A Justiça rejeitou a denúncia apresentada pelo Ministério Público contra quatro pessoas acusadas de participação no assassinato da jovem Maria Eduarda Ferreira Sena Reis , crime ocorrido no residencial Lindalma Soares, na zona norte de Teresina, no dia 28 de outubro de 2025 . A denúncia, assinada pelo promotor Nielsen Silva, foi recusada sob o argumento de ausência de individualização das condutas dos réus.
Em resposta à decisão, o representante do Ministério Público chegou a apontar a individualização das ações atribuídas a cada acusado, mas o entendimento não foi acolhido pelo Judiciário, que manteve a rejeição da denúncia.
O caso foi investigado pelo Departamento de Homicídios e Proteção à Pessoa (DHPP), que indiciou quatro suspeitos apontados como integrantes da facção criminosa Primeiro Comando da Capital (PCC). Segundo a delegada Nathália Figueiredo, responsável pelas investigações, todos os investigados foram presos durante a apuração e permanecem no sistema prisional. “Durante as investigações nós realizamos quatro prisões. Eles já se encontram, inclusive, presos de forma preventiva”, afirmou a delegada.
De acordo com a polícia, foram indiciados Lairice, conhecida como Iemanjá, Adriele, Rodriguinho e Michardson. As investigações apontam que os quatro teriam participação direta no assassinato da jovem.
Ainda conforme o DHPP, o crime guarda relação com disputa entre facções criminosas. A vítima se envolveu com um homem ligado ao grupo Bonde dos 40, rival do PCC. Esse homem também é suspeito de envolvimento na morte do irmão de um dos investigados, o que reforça a hipótese de vingança como motivação do crime. “Vimos que, para além da questão de facção criminosa, também houve um contexto de vingança”, destacou Nathália Figueiredo.
Durante o cumprimento de um mandado de prisão temporária contra uma das suspeitas, Lairice, a polícia encontrou na residência dela um homem foragido da Justiça, com mandado expedido pela comarca de Floriano, também investigado por homicídio. Segundo o DHPP, ele estava escondido no local com apoio da suspeita.
Ao final do inquérito, os quatro investigados foram indiciados pelos crimes de homicídio qualificado e organização criminosa.
Rapidinhas
O Departamento de Homicídios e Proteção à Pessoa (DHPP) vai solicitar ao Ministério Público o aditamento da denúncia no caso do feminicídio de Maria Eduarda Ferreira Sena Reis. A medida ocorre após a prisão de um novo suspeito, Luís Geraldo Alves Lima, vulgo “terrorista”, que pode ampliar de quatro para cinco o número de envolvidos no crime.

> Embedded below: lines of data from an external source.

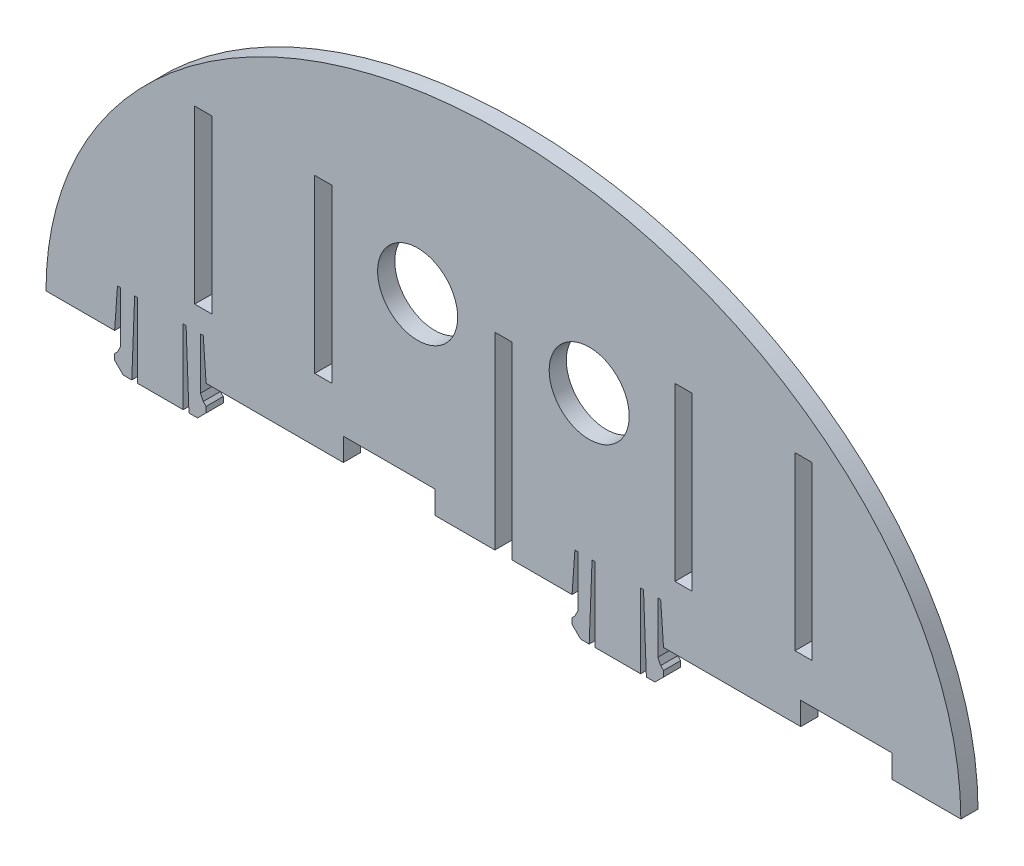
SolidWorks part; units mm, degrees
ref_plane "Front Plane" through (0, 0, 0) normal (0, 0, 1) x (1, 0, 0)
ref_plane "Top Plane" through (0, 0, 0) normal (0, 1, 0) x (1, 0, 0)
ref_plane "Right Plane" through (0, 0, 0) normal (1, 0, 0) x (0, 0, -1)
sketch "Sketch1" plane through (0, 0, 0) normal (0, 0, 1) x (1, 0, 0)
  line L0 (-80, 41.2311) -> (-68, 41.2311)
  line L1 (-52, 41.2311) -> (12, 41.2311)
  line L2 (28, 41.2311) -> (80, 41.2311)
  line L3 (-52, 41.2311) -> (-52.5, 48.2332)
  line L4 (-52.5, 48.2332) -> (-53, 48.2332)
  line L5 (-53, 48.2332) -> (-53, 39.2332)
  line L6 (-53, 39.2332) -> (-52.5, 38.2332)
  line L7 (-52.5, 38.2332) -> (-52, 37.7332)
  line L8 (-52, 37.7332) -> (-52, 36.7332)
  line L9 (-52, 36.7332) -> (-53.5, 35.2332)
  line L10 (-53.5, 35.2332) -> (-55, 35.2332)
  line L11 (-55, 35.2332) -> (-55.5, 48.2332)
  line L12 (-55.5, 48.2332) -> (-56, 48.2332)
  line L13 (-56, 48.2332) -> (-56, 35.2332)
  line L14 (-60, 41.2311) -> (-60, 35.4924) construction
  line L15 (-64, 48.2332) -> (-64, 35.2332)
  line L16 (-64.5, 48.2332) -> (-64, 48.2332)
  line L17 (-65, 35.2332) -> (-64.5, 48.2332)
  line L18 (-66.5, 35.2332) -> (-65, 35.2332)
  line L19 (-68, 36.7332) -> (-66.5, 35.2332)
  line L20 (-68, 37.7332) -> (-68, 36.7332)
  line L21 (-67.5, 38.2332) -> (-68, 37.7332)
  line L22 (-67, 39.2332) -> (-67.5, 38.2332)
  line L23 (-67, 48.2332) -> (-67, 39.2332)
  line L24 (-67.5, 48.2332) -> (-67, 48.2332)
  line L25 (-68, 41.2311) -> (-67.5, 48.2332)
  line L26 (-56, 35.2332) -> (-64, 35.2332)
  line L27 (28, 41.2311) -> (27.5, 48.2332)
  line L28 (27.5, 48.2332) -> (27, 48.2332)
  line L29 (27, 48.2332) -> (27, 39.2332)
  line L30 (27, 39.2332) -> (27.5, 38.2332)
  line L31 (27.5, 38.2332) -> (28, 37.7332)
  line L32 (28, 37.7332) -> (28, 36.7332)
  line L33 (28, 36.7332) -> (26.5, 35.2332)
  line L34 (26.5, 35.2332) -> (25, 35.2332)
  line L35 (25, 35.2332) -> (24.5, 48.2332)
  line L36 (24.5, 48.2332) -> (24, 48.2332)
  line L37 (24, 48.2332) -> (24, 35.2332)
  line L38 (20, 41.2311) -> (20, 35.4924) construction
  line L39 (16, 48.2332) -> (16, 35.2332)
  line L40 (15.5, 48.2332) -> (16, 48.2332)
  line L41 (15, 35.2332) -> (15.5, 48.2332)
  line L42 (13.5, 35.2332) -> (15, 35.2332)
  line L43 (12, 36.7332) -> (13.5, 35.2332)
  line L44 (12, 37.7332) -> (12, 36.7332)
  line L45 (12.5, 38.2332) -> (12, 37.7332)
  line L46 (13, 39.2332) -> (12.5, 38.2332)
  line L47 (13, 48.2332) -> (13, 39.2332)
  line L48 (12.5, 48.2332) -> (13, 48.2332)
  line L49 (12, 41.2311) -> (12.5, 48.2332)
  line L50 (24, 35.2332) -> (16, 35.2332)
  line L51 (-80, 41.2311) -> (0, 0) construction
  line L52 (0, 0) -> (80, 41.2311) construction
  line L53 (80, 41.2311) -> (80.095, 41.7661) construction
  ellipse E0 centre (0, 41.2311) end of major axis (-80, 41.2311) minor radius 63.9989 (0, 105.23) -> (-80, 41.2311) ccw
  ellipse E1 centre (0, 41.2311) end of major axis (80, 41.2311) minor radius 63.9989 (0, 105.23) -> (80, 41.2311) cw
  point P10 (-60, 41.2311)
  point P11 (-52, 41.2311)
  point P12 (-68, 41.2311)
  point P13 (-68, 41.2311)
  point P38 (20, 41.2311)
  point P39 (28, 41.2311)
  point P40 (12, 41.2311)
  point P41 (12, 41.2311)
  dimension "D1" = 52
  dimension "D2" = 64
  dimension "D3" = 12
  dimension "D4" = 8
  dimension "D5" = 0.5
  dimension "D6" = 9
  dimension "D7" = 0.5
  dimension "D8" = 1
  dimension "D9" = 0.5
  dimension "D10" = 0.5
  dimension "D11" = 1
  dimension "D12" = 1.5
  dimension "D13" = 1.5
  dimension "D14" = 0.5
  dimension "D15" = 0.5
  dimension "D16" = 13
  dimension "D17" = 7.0022
  dimension "D18" = 0.5
  dimension "D19" = 1.5
  dimension "D20" = 13
  dimension "D21" = 8
  dimension "D22" = 8
  dimension "D23" = 0.5
  dimension "D24" = 9
  dimension "D25" = 0.5
  dimension "D26" = 1
  dimension "D27" = 0.5
  dimension "D28" = 0.5
  dimension "D29" = 1
  dimension "D30" = 1.5
  dimension "D31" = 1.5
  dimension "D32" = 0.5
  dimension "D33" = 0.5
  dimension "D34" = 13
  dimension "D35" = 7.0022
  dimension "D36" = 0.5
  dimension "D37" = 1.5
  dimension "D38" = 13
  dimension "D39" = 8
  dimension "D40" = 63.9989
  dimension "D41" = 90
  dimension "D42" = 90
  dimension "D43" = 80
  dimension "D44" = 41.2311
extrude "Boss-Extrude1" add sketch "Sketch1" along normal blind 3
sketch "Sketch3" plane through (0, 0, 3) normal (0, 0, 1) x (1, 0, 0)
  line L0 (-1.5, 41.2311) -> (-1.5, 74.2311)
  line L1 (-52, 41.2311) -> (12, 41.2311) construction
  line L2 (1.5, 41.2311) -> (1.5, 74.2311)
  line L3 (-1.5, 74.2311) -> (1.5, 74.2311)
  dimension "D1" = 3
  dimension "D2" = 33
  dimension "D3" = 50.5
extrude "Cut-Extrude1" cut sketch "Sketch3" against normal blind 3 and the other way through all
sketch "Sketch4" plane through (0, 0, 3) normal (0, 0, 1) x (1, 0, 0)
  line L0 (-28, 41.2311) -> (-28, 45.2311)
  line L1 (-52, 41.2311) -> (-1.5, 41.2311) construction
  line L2 (-28, 45.2311) -> (-12, 45.2311)
  line L3 (-12, 45.2311) -> (-12, 41.2311)
  dimension "D1" = 4
  dimension "D2" = 16
  dimension "D3" = 24
extrude "Cut-Extrude2" cut sketch "Sketch4" against normal blind 3 and the other way through all flip side to cut
sketch "Sketch5" plane through (0, 0, 3) normal (0, 0, 1) x (1, 0, 0)
  line L0 (68, 41.2311) -> (68, 45.2311)
  line L1 (28, 41.2311) -> (80, 41.2311) construction
  line L2 (68, 45.2311) -> (52, 45.2311)
  line L3 (52, 45.2311) -> (52, 41.2311)
  dimension "D1" = 16
  dimension "D2" = 4
  dimension "D3" = 12
extrude "Cut-Extrude3" cut sketch "Sketch5" against normal blind 3 and the other way through all
sketch "Sketch7" plane through (0, 0, 3) normal (0, 0, 1) x (1, 0, 0)
  line L0 (0, 41.2311) -> (0, 105.23) construction
  line L1 (-51, 82.231) -> (-51, 52.231)
  line L2 (51, 82.231) -> (51, 52.231)
  line L3 (-51, 82.231) -> (-54, 82.231)
  line L4 (51, 82.231) -> (54, 82.231)
  line L5 (-51, 52.231) -> (-54, 52.231)
  line L6 (51, 52.231) -> (54, 52.231)
  line L7 (-54, 52.231) -> (-54, 82.231)
  line L8 (54, 52.231) -> (54, 82.231)
  line L9 (-30, 82.231) -> (-30, 52.231)
  line L10 (30, 82.231) -> (30, 52.231)
  line L11 (-30, 82.231) -> (-33, 82.231)
  line L12 (30, 82.231) -> (33, 82.231)
  line L13 (-30, 52.231) -> (-33, 52.231)
  line L14 (30, 52.231) -> (33, 52.231)
  line L15 (-33, 82.231) -> (-33, 52.231)
  line L16 (33, 82.231) -> (33, 52.231)
  dimension "D1" = 30
  dimension "D2" = 3
  dimension "D3" = 51
  dimension "D4" = 52.231
  dimension "D5" = 30
  dimension "D6" = 3
  dimension "D7" = 30
  dimension "D8" = 52.231
  dimension "D9" = 33
  dimension "D10" = 3
extrude "Cut-Extrude4" cut sketch "Sketch7" against normal blind 3
sketch "Sketch8" plane through (0, 0, 3) normal (0, 0, 1) x (1, 0, 0)
  line L2 (0, 74.2311) -> (0, 105.23) construction
  line L3 (-1.5, 74.2311) -> (1.5, 74.2311) construction
  circle A0 centre (-15, 73.23) radius 7
  circle A1 centre (15, 73.23) radius 7
  ellipse E0 centre (0, 41.2311) end of major axis (-80, 41.2311) minor radius 63.9989 (0, 105.23) -> (-80, 41.2311) ccw construction
  dimension "D1" = 14
  dimension "D2" = 15
  dimension "D3" = 73.23
extrude "Cut-Extrude5" cut sketch "Sketch8" against normal blind 3
sketch "Sketch9" plane through (0, 0, 3) normal (0, 0, 1) x (1, 0, 0)
  text T0 "HY3a" font "Century Gothic" height in points 22
  dimension "D1" = 26
  dimension "D2" = 9

A inclusão de novas informações no processo ocorrerá após o depoimento do investigado, preso no dia 19 de abril de 2026. Segundo o DHPP, há indícios de que o suspeito estava no mesmo evento que a vítima antes do crime e pode ter participação direta na dinâmica que levou à execução.
A prisão foi realizada pela Polícia Militar durante uma ação operacional. De acordo com os policiais do BPRone, o homem tentou fugir ao perceber a aproximação da viatura, chegando a correr e pular muros de residências. Após um cerco, ele foi capturado, e, durante a verificação, foi constatado um mandado de prisão temporária em aberto pelo crime de feminicídio.
Entenda o caso
O DHPP já havia indiciado quatro pessoas suspeitas de envolvimento no assassinato, apontadas como integrantes de uma facção criminosa. Segundo a polícia, todos já se encontram presos preventivamente.
As investigações indicam que o crime pode estar relacionado a disputas entre grupos criminosos rivais, motivadas por relações pessoais da vítima com integrantes de outra facção.
Com a nova prisão, a expectativa é que o caso seja reavaliado pelo Ministério Público, podendo resultar na ampliação da denúncia e no aprofundamento das responsabilidades de cada envolvido.